J’ai rencontré Jenny Lin et Eloisa Aquino dans la tente des zines de la New York Art Book Fair, où elles montraient leur travail régulièrement depuis des années. Elles étaient toujours adorables et prêtes à échanger des zines. Aussi, lorsque je suis allé à Montréal, ma priorité était de les interviewer. Malheureusement, Eloisa était à São Paulo pour rendre visite à sa famille, alors je n’ai parlé qu’à Jenny.
Bonjour Jenny, Peux-tu commencer par te présenter, nous parler de toi et de ta maison d’édition ?

OK. Donc, mon nom est Jenny Lin, et je travaille avec Eloisa Aquino. Ensemble, nous avons un projet éditorial appelé B and D Press. Nous travaillons généralement sur nos propres projets, nos propres zines ou livres d’artistes, mais nous travaillons aussi parfois en collaboration avec d’autres artistes.

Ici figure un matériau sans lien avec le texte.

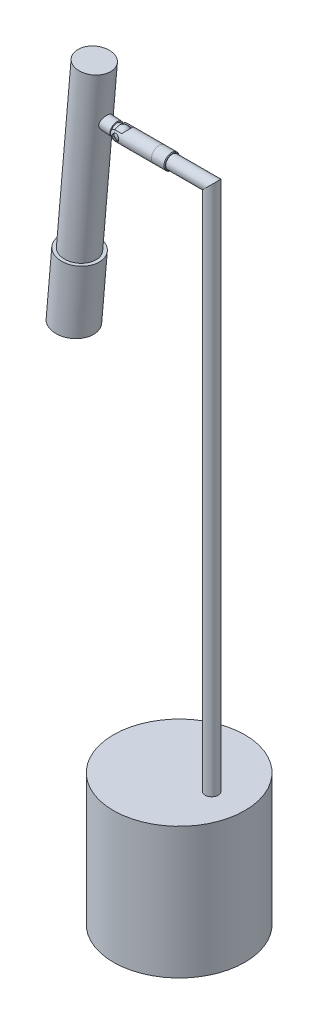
ISO-10303-21;
HEADER;
FILE_DESCRIPTION(('STEP AP214'),'2;1');
FILE_NAME('part.step','',(''),(''),'','','');
FILE_SCHEMA(('AUTOMOTIVE_DESIGN { 1 0 10303 214 1 1 1 1 }'));
ENDSEC;
DATA;
#1=APPLICATION_CONTEXT('core data for automotive mechanical design processes');
#2=APPLICATION_PROTOCOL_DEFINITION('international standard','automotive_design',2000,#1);
#3=PRODUCT_CONTEXT('',#1,'mechanical');
#4=PRODUCT('Part','Part','',(#3));
#5=PRODUCT_RELATED_PRODUCT_CATEGORY('part','',(#4));
#6=PRODUCT_DEFINITION_FORMATION('','',#4);
#7=PRODUCT_DEFINITION_CONTEXT('part definition',#1,'design');
#8=PRODUCT_DEFINITION('design','',#6,#7);
#9=PRODUCT_DEFINITION_SHAPE('','',#8);
#10=(LENGTH_UNIT() NAMED_UNIT(*) SI_UNIT(.MILLI.,.METRE.));
#11=(NAMED_UNIT(*) PLANE_ANGLE_UNIT() SI_UNIT($,.RADIAN.));
#12=(NAMED_UNIT(*) SI_UNIT($,.STERADIAN.) SOLID_ANGLE_UNIT());
#13=UNCERTAINTY_MEASURE_WITH_UNIT(LENGTH_MEASURE(1.E-05),#10,'distance_accuracy_value','');
#14=(GEOMETRIC_REPRESENTATION_CONTEXT(3) GLOBAL_UNCERTAINTY_ASSIGNED_CONTEXT((#13)) GLOBAL_UNIT_ASSIGNED_CONTEXT((#10,
#11,#12)) REPRESENTATION_CONTEXT('',''));
#15=CARTESIAN_POINT('',(0.,0.,0.));
#16=DIRECTION('',(0.,0.,1.));
#17=DIRECTION('',(1.,0.,0.));
#18=AXIS2_PLACEMENT_3D('',#15,#16,#17);
#19=CARTESIAN_POINT('',(-19.4004825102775,536.997829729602,-0.0386532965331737));
#20=DIRECTION('',(-0.0849780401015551,-0.99638221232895,0.00110437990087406));
#21=DIRECTION('',(-9.38480967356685E-05,-0.00110038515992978,-0.999999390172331));
#22=AXIS2_PLACEMENT_3D('',#19,#20,#21);
#23=CYLINDRICAL_SURFACE('',#22,12.5);
#24=CARTESIAN_POINT('',(-19.4004825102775,536.997829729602,-0.0386532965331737));
#25=DIRECTION('',(0.0849780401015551,0.99638221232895,-0.00110437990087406));
#26=DIRECTION('',(9.38480967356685E-05,0.00110038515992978,0.999999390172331));
#27=AXIS2_PLACEMENT_3D('',#24,#25,#26);
#28=CIRCLE('',#27,12.5);
#29=CARTESIAN_POINT('',(-19.3993094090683,537.011584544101,12.461339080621));
#30=VERTEX_POINT('',#29);
#31=EDGE_CURVE('P0_E25',#30,#30,#28,.T.);
#32=ORIENTED_EDGE('',*,*,#31,.F.);
#33=EDGE_LOOP('',(#32));
#34=FACE_BOUND('',#33,.T.);
#35=CARTESIAN_POINT('',(-30.4476277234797,407.468142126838,0.104916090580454));
#36=DIRECTION('',(0.0849780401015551,0.99638221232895,-0.00110437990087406));
#37=DIRECTION('',(9.38480967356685E-05,0.00110038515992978,0.999999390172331));
#38=AXIS2_PLACEMENT_3D('',#35,#36,#37);
#39=CIRCLE('',#38,12.5);
#40=CARTESIAN_POINT('',(-30.4464546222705,407.481896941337,12.6049084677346));
#41=VERTEX_POINT('',#40);
#42=EDGE_CURVE('P0_E29',#41,#41,#39,.T.);
#43=ORIENTED_EDGE('',*,*,#42,.T.);
#44=EDGE_LOOP('',(#43));
#45=FACE_BOUND('',#44,.T.);
#46=CARTESIAN_POINT('',(-10.9592454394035,501.156407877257,4.99999695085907));
#47=CARTESIAN_POINT('',(-10.9706290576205,501.022920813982,5.00014386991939));
#48=CARTESIAN_POINT('',(-10.9796693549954,500.889186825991,4.99490103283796));
#49=CARTESIAN_POINT('',(-10.9930474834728,500.622278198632,4.97368513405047));
#50=CARTESIAN_POINT('',(-10.9973824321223,500.489103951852,4.95770550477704));
#51=CARTESIAN_POINT('',(-11.0014991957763,500.224114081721,4.91514484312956));
#52=CARTESIAN_POINT('',(-11.0012718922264,500.092301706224,4.88854268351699));
#53=CARTESIAN_POINT('',(-10.996535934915,499.831222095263,4.82500354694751));
#54=CARTESIAN_POINT('',(-10.9920255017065,499.701955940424,4.78806227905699));
#55=CARTESIAN_POINT('',(-10.9791608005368,499.447437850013,4.70437547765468));
#56=CARTESIAN_POINT('',(-10.9708228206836,499.322171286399,4.65767194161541));
#57=CARTESIAN_POINT('',(-10.9508075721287,499.075860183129,4.55477029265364));
#58=CARTESIAN_POINT('',(-10.9391290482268,498.954817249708,4.49856861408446));
#59=CARTESIAN_POINT('',(-10.8999199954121,498.599287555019,4.31640974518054));
#60=CARTESIAN_POINT('',(-10.8681974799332,498.372082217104,4.17679350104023));
#61=CARTESIAN_POINT('',(-10.7966202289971,497.931472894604,3.85682861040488));
#62=CARTESIAN_POINT('',(-10.7564290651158,497.719395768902,3.674743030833));
#63=CARTESIAN_POINT('',(-10.6747001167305,497.327640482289,3.27841957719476));
#64=CARTESIAN_POINT('',(-10.6331618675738,497.147973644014,3.06417051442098));
#65=CARTESIAN_POINT('',(-10.5731406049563,496.903546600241,2.71807357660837));
#66=CARTESIAN_POINT('',(-10.5531561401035,496.825008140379,2.59599689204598));
#67=CARTESIAN_POINT('',(-10.5149696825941,496.678745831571,2.34528315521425));
#68=CARTESIAN_POINT('',(-10.496766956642,496.61101752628,2.21664883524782));
#69=CARTESIAN_POINT('',(-10.4627750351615,496.487007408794,1.95365421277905));
#70=CARTESIAN_POINT('',(-10.4469861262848,496.430726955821,1.81929323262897));
#71=CARTESIAN_POINT('',(-10.4183859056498,496.33023230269,1.54588804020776));
#72=CARTESIAN_POINT('',(-10.4055731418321,496.286012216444,1.40684614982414));
#73=CARTESIAN_POINT('',(-10.383908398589,496.211937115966,1.13187890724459));
#74=CARTESIAN_POINT('',(-10.3748957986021,496.181494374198,0.996124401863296));
#75=CARTESIAN_POINT('',(-10.3602771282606,496.13232363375,0.722384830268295));
#76=CARTESIAN_POINT('',(-10.3546695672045,496.113590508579,0.5844007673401));
#77=CARTESIAN_POINT('',(-10.347043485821,496.088039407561,0.307250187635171));
#78=CARTESIAN_POINT('',(-10.3450245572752,496.081220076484,0.168083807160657));
#79=CARTESIAN_POINT('',(-10.344643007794,496.079573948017,-0.110322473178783));
#80=CARTESIAN_POINT('',(-10.3462802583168,496.084746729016,-0.249562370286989));
#81=CARTESIAN_POINT('',(-10.3529610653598,496.106390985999,-0.51915721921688));
#82=CARTESIAN_POINT('',(-10.3578071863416,496.122208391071,-0.649570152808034));
#83=CARTESIAN_POINT('',(-10.3705615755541,496.164300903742,-0.908587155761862));
#84=CARTESIAN_POINT('',(-10.378470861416,496.190579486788,-1.03719060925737));
#85=CARTESIAN_POINT('',(-10.3971177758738,496.253324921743,-1.29163661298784));
#86=CARTESIAN_POINT('',(-10.4078544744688,496.289788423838,-1.41748005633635));
#87=CARTESIAN_POINT('',(-10.4318422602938,496.372555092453,-1.66565804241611));
#88=CARTESIAN_POINT('',(-10.445094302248,496.418861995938,-1.78799123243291));
#89=CARTESIAN_POINT('',(-10.4884985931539,496.573472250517,-2.1521064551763));
#90=CARTESIAN_POINT('',(-10.522019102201,496.696569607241,-2.38739439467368));
#91=CARTESIAN_POINT('',(-10.5940942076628,496.977785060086,-2.83500510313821));
#92=CARTESIAN_POINT('',(-10.6326505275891,497.135915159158,-3.04731996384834));
#93=CARTESIAN_POINT('',(-10.7129323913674,497.494496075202,-3.45790699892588));
#94=CARTESIAN_POINT('',(-10.7546998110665,497.697043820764,-3.65434201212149));
#95=CARTESIAN_POINT('',(-10.8331751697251,498.13232194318,-4.01198475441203));
#96=CARTESIAN_POINT('',(-10.8698814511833,498.365062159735,-4.17318095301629));
#97=CARTESIAN_POINT('',(-10.917149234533,498.735678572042,-4.38713342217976));
#98=CARTESIAN_POINT('',(-10.9317541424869,498.864781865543,-4.45455263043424));
#99=CARTESIAN_POINT('',(-10.9573139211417,499.128517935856,-4.57832726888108));
#100=CARTESIAN_POINT('',(-10.9682702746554,499.263148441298,-4.63468718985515));
#101=CARTESIAN_POINT('',(-10.9858412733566,499.536928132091,-4.73578895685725));
#102=CARTESIAN_POINT('',(-10.992457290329,499.67607587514,-4.78053447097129));
#103=CARTESIAN_POINT('',(-11.0007721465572,499.957837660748,-4.85794756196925));
#104=CARTESIAN_POINT('',(-11.0024713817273,500.100451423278,-4.89061611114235));
#105=CARTESIAN_POINT('',(-11.0005839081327,500.379149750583,-4.94186828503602));
#106=CARTESIAN_POINT('',(-10.9973137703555,500.515100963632,-4.96119042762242));
#107=CARTESIAN_POINT('',(-10.985860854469,500.787922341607,-4.98862435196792));
#108=CARTESIAN_POINT('',(-10.9776783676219,500.924792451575,-4.99673679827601));
#109=CARTESIAN_POINT('',(-10.9563720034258,501.198315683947,-5.00165565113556));
#110=CARTESIAN_POINT('',(-10.9432493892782,501.334968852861,-4.99846494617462));
#111=CARTESIAN_POINT('',(-10.9122099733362,501.606992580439,-4.98082378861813));
#112=CARTESIAN_POINT('',(-10.8942932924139,501.742363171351,-4.96637361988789));
#113=CARTESIAN_POINT('',(-10.8551347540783,502.003091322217,-4.92752546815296));
#114=CARTESIAN_POINT('',(-10.8341419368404,502.12857849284,-4.90374425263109));
#115=CARTESIAN_POINT('',(-10.7885649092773,502.376687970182,-4.84656318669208));
#116=CARTESIAN_POINT('',(-10.7639795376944,502.499309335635,-4.81316022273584));
#117=CARTESIAN_POINT('',(-10.685537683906,502.861689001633,-4.69895122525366));
#118=CARTESIAN_POINT('',(-10.6269641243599,503.096164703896,-4.604114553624));
#119=CARTESIAN_POINT('',(-10.4993724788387,503.554697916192,-4.37551924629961));
#120=CARTESIAN_POINT('',(-10.4300271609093,503.777947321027,-4.24033816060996));
#121=CARTESIAN_POINT('',(-10.2884272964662,504.199233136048,-3.9363448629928));
#122=CARTESIAN_POINT('',(-10.2161715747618,504.397259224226,-3.76751895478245));
#123=CARTESIAN_POINT('',(-10.0691728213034,504.77807299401,-3.38614722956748));
#124=CARTESIAN_POINT('',(-9.99464029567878,504.958654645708,-3.17129315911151));
#125=CARTESIAN_POINT('',(-9.89035906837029,505.20116574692,-2.82708012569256));
#126=CARTESIAN_POINT('',(-9.85683412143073,505.277312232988,-2.7086111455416));
#127=CARTESIAN_POINT('',(-9.79305003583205,505.419660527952,-2.46502678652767));
#128=CARTESIAN_POINT('',(-9.7627894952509,505.485866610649,-2.33991429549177));
#129=CARTESIAN_POINT('',(-9.70625467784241,505.607838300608,-2.08379825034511));
#130=CARTESIAN_POINT('',(-9.67998144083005,505.663601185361,-1.9527931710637));
#131=CARTESIAN_POINT('',(-9.63209279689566,505.764163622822,-1.68587271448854));
#132=CARTESIAN_POINT('',(-9.61047540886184,505.808967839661,-1.54995945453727));
#133=CARTESIAN_POINT('',(-9.57244884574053,505.887197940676,-1.27421593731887));
#134=CARTESIAN_POINT('',(-9.55603847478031,505.920626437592,-1.13438658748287));
#135=CARTESIAN_POINT('',(-9.5288583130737,505.975766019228,-0.851899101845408));
#136=CARTESIAN_POINT('',(-9.5180881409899,505.99747789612,-0.709241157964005));
#137=CARTESIAN_POINT('',(-9.50299208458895,506.027914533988,-0.431692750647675));
#138=CARTESIAN_POINT('',(-9.49829046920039,506.037396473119,-0.296905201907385));
#139=CARTESIAN_POINT('',(-9.49418058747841,506.045826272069,-0.026871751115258));
#140=CARTESIAN_POINT('',(-9.49477410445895,506.044770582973,0.108374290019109));
#141=CARTESIAN_POINT('',(-9.50124302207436,506.03213008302,0.378174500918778));
#142=CARTESIAN_POINT('',(-9.50711568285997,506.020550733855,0.512728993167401));
#143=CARTESIAN_POINT('',(-9.52399897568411,505.986982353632,0.780254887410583));
#144=CARTESIAN_POINT('',(-9.53501152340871,505.964989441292,0.913225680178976));
#145=CARTESIAN_POINT('',(-9.56149519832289,505.911646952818,1.17246551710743));
#146=CARTESIAN_POINT('',(-9.57681667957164,505.880610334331,1.29881427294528));
#147=CARTESIAN_POINT('',(-9.61169863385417,505.809233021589,1.54827169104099));
#148=CARTESIAN_POINT('',(-9.63126059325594,505.768889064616,1.6713792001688));
#149=CARTESIAN_POINT('',(-9.69570211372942,505.634366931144,2.03461654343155));
#150=CARTESIAN_POINT('',(-9.74636018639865,505.526654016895,2.26887535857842));
#151=CARTESIAN_POINT('',(-9.8614676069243,505.272729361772,2.72591150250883));
#152=CARTESIAN_POINT('',(-9.92642747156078,505.125026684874,2.94772400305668));
#153=CARTESIAN_POINT('',(-10.0633202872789,504.797181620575,3.36352440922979));
#154=CARTESIAN_POINT('',(-10.1352561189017,504.617025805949,3.55750073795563));
#155=CARTESIAN_POINT('',(-10.2848406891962,504.215642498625,3.92459553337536));
#156=CARTESIAN_POINT('',(-10.3625674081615,503.99256284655,4.09567939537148));
#157=CARTESIAN_POINT('',(-10.4746987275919,503.637339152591,4.32166944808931));
#158=CARTESIAN_POINT('',(-10.5113551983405,503.515410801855,4.39192938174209));
#159=CARTESIAN_POINT('',(-10.5823121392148,503.265331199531,4.52170127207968));
#160=CARTESIAN_POINT('',(-10.6166137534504,503.137183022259,4.58121847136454));
#161=CARTESIAN_POINT('',(-10.6790904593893,502.887164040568,4.6841454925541));
#162=CARTESIAN_POINT('',(-10.7075391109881,502.765756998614,4.72851987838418));
#163=CARTESIAN_POINT('',(-10.7611882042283,502.519165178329,4.80752592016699));
#164=CARTESIAN_POINT('',(-10.7863901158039,502.393982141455,4.84216199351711));
#165=CARTESIAN_POINT('',(-10.8329925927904,502.140861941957,4.9013211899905));
#166=CARTESIAN_POINT('',(-10.8544015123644,502.01293154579,4.92586669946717));
#167=CARTESIAN_POINT('',(-10.893069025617,501.75495707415,4.96469622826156));
#168=CARTESIAN_POINT('',(-10.9103300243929,501.624914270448,4.97898620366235));
#169=CARTESIAN_POINT('',(-10.9318473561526,501.438152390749,4.9919869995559));
#170=CARTESIAN_POINT('',(-10.9379068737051,501.381905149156,4.99493497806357));
#171=CARTESIAN_POINT('',(-10.9491991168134,501.269255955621,4.99890896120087));
#172=CARTESIAN_POINT('',(-10.9544317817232,501.212853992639,4.99993482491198));
#173=CARTESIAN_POINT('',(-10.9592454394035,501.156407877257,4.99999695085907));
#174=B_SPLINE_CURVE_WITH_KNOTS('',3,(#46,#47,#48,#49,#50,#51,#52,#53,#54,#55,#56,#57,#58,#59,
#60,#61,#62,#63,#64,#65,#66,#67,#68,#69,#70,#71,#72,#73,#74,#75,#76,#77,#78,#79,#80,#81,#82,#83,
#84,#85,#86,#87,#88,#89,#90,#91,#92,#93,#94,#95,#96,#97,#98,#99,#100,#101,#102,#103,#104,#105,
#106,#107,#108,#109,#110,#111,#112,#113,#114,#115,#116,#117,#118,#119,#120,#121,#122,#123,#124,
#125,#126,#127,#128,#129,#130,#131,#132,#133,#134,#135,#136,#137,#138,#139,#140,#141,#142,#143,
#144,#145,#146,#147,#148,#149,#150,#151,#152,#153,#154,#155,#156,#157,#158,#159,#160,#161,#162,
#163,#164,#165,#166,#167,#168,#169,#170,#171,#172,#173),.UNSPECIFIED.,.T.,.F.,(4,2,2,2,2,2,2,2,
2,2,2,2,2,2,2,2,2,2,2,2,2,2,2,2,2,2,2,2,2,2,2,2,2,2,2,2,2,2,2,2,2,2,2,2,2,2,2,2,2,2,2,2,2,2,2,2,
2,2,2,2,2,2,2,4),(0.,0.401857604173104,0.803961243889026,1.20686864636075,1.6099435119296,
2.0113187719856,2.41284504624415,3.21490370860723,4.05855844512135,4.90250734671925,
5.34162944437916,5.78057004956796,6.21956274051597,6.65834079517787,7.0760537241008,
7.4935836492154,7.91106607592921,8.32853382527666,8.72244339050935,9.11648393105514,
9.51039502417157,9.90445593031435,10.7036345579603,11.5030874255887,12.3550281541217,
13.207247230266,13.645908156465,14.0843905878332,14.5227343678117,14.961042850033,
15.3725755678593,15.7840838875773,16.1954870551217,16.6068798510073,16.9947241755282,
17.3826941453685,18.1580219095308,18.9647918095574,19.7718908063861,20.6386062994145,
21.0724736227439,21.5061538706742,21.9399470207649,22.3735552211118,22.8070637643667,
23.2405429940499,23.6456433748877,24.050880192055,24.4559068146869,24.8610845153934,
25.2536349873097,25.646323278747,26.4310478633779,27.2504496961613,28.0701913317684,
28.9406797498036,29.3764938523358,29.8120946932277,30.2087331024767,30.6051913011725,
31.0007651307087,31.3961090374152,31.5660254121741,31.735954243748),.UNSPECIFIED.);
#175=CARTESIAN_POINT('',(-10.9592454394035,501.156407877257,4.99999695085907));
#176=VERTEX_POINT('',#175);
#177=EDGE_CURVE('P0_E9',#176,#176,#174,.T.);
#178=ORIENTED_EDGE('',*,*,#177,.F.);
#179=EDGE_LOOP('',(#178));
#180=FACE_BOUND('',#179,.T.);
#181=ADVANCED_FACE('P0_F14',(#34,#45,#180),#23,.T.);
#182=CARTESIAN_POINT('',(-19.4004825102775,536.997829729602,-0.0386532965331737));
#183=DIRECTION('',(0.0849780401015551,0.99638221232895,-0.00110437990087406));
#184=DIRECTION('',(9.38480967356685E-05,0.00110038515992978,0.999999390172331));
#185=AXIS2_PLACEMENT_3D('',#182,#183,#184);
#186=PLANE('',#185);
#187=ORIENTED_EDGE('',*,*,#31,.T.);
#188=EDGE_LOOP('',(#187));
#189=FACE_BOUND('',#188,.T.);
#190=ADVANCED_FACE('P0_F50',(#189),#186,.T.);
#191=CARTESIAN_POINT('',(-30.4476277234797,407.468142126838,0.104916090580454));
#192=DIRECTION('',(0.0849780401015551,0.99638221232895,-0.00110437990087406));
#193=DIRECTION('',(9.38480967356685E-05,0.00110038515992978,0.999999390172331));
#194=AXIS2_PLACEMENT_3D('',#191,#192,#193);
#195=PLANE('',#194);
#196=ORIENTED_EDGE('',*,*,#42,.F.);
#197=EDGE_LOOP('',(#196));
#198=FACE_BOUND('',#197,.T.);
#199=ADVANCED_FACE('P0_F43',(#198),#195,.F.);
#200=CARTESIAN_POINT('',(-2.4470575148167,500.424890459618,-2.5950243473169E-12));
#201=DIRECTION('',(-0.996382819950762,0.0849780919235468,0.));
#202=DIRECTION('',(9.38480967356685E-05,0.00110038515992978,0.999999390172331));
#203=AXIS2_PLACEMENT_3D('',#200,#201,#202);
#204=CYLINDRICAL_SURFACE('',#203,5.);
#205=CARTESIAN_POINT('',(-2.4470575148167,500.424890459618,-2.5950243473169E-12));
#206=DIRECTION('',(0.996382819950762,-0.0849780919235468,0.));
#207=DIRECTION('',(-9.38480967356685E-05,-0.00110038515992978,-0.999999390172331));
#208=AXIS2_PLACEMENT_3D('',#205,#206,#207);
#209=CIRCLE('',#208,5.);
#210=CARTESIAN_POINT('',(-2.44752675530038,500.419388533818,-4.99999695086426));
#211=VERTEX_POINT('',#210);
#212=EDGE_CURVE('P0_E34',#211,#211,#209,.T.);
#213=ORIENTED_EDGE('',*,*,#212,.F.);
#214=EDGE_LOOP('',(#213));
#215=FACE_BOUND('',#214,.T.);
#216=ORIENTED_EDGE('',*,*,#177,.T.);
#217=EDGE_LOOP('',(#216));
#218=FACE_BOUND('',#217,.T.);
#219=ADVANCED_FACE('P0_F41',(#215,#218),#204,.T.);
#220=CARTESIAN_POINT('',(-2.4470575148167,500.424890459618,-2.5950243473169E-12));
#221=DIRECTION('',(0.996382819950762,-0.0849780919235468,0.));
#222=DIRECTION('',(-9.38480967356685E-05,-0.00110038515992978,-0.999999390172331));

Nous produisons surtout des zines ou des livres d’artistes qui mélangent textes et images. L’une des séries pour laquelle Eloisa est la plus connue s’appelle The Life and Times of Butch Dykes. Il y a environ onze numéros jusqu’à présent, car elle publie un à trois numéros par an. Il s’agit de petites biographies en images et en texte sur des personnes qui ne se conforment pas au binaire du genre et qui peuvent être identifiées comme gouines. Soit qu’elles s’identifient comme butch, soit qu’elles remettent en question l’idée même de ce que peut être une butch.

Les projets que je réalise sont plutôt du côté de la fiction. Ils mélangent fiction et histoires personnelles, parfois des histoires liées à l’homosexualité, parfois des histoires plus ouvertes, parfois des histoires érotiques.

Quel genre de contenu peut-on trouver dans vos publications ?

Nos publications prennent principalement la forme de zines. D’un côté, certains sont documentaires [principalement ceux d’Eloisa], comme la série Butch Dykes, ou celui intitulé *Pajuba, Le langage des travestis brésiliens, qui se concentre sur des détails de la culture queer au Brésil. De l’autre côté, mon travail jette souvent un regard différent sur des situations fictives qui impliquent des espaces intermédiaires étranges, et parfois ces situations traitent aussi du fait d’être queer.

Tu as mentionné que vos publications sont un mélange de textes et d’images. Les considérez-vous comme des bandes dessinées ou ont-elles une relation avec l’histoire de la bande dessinée ?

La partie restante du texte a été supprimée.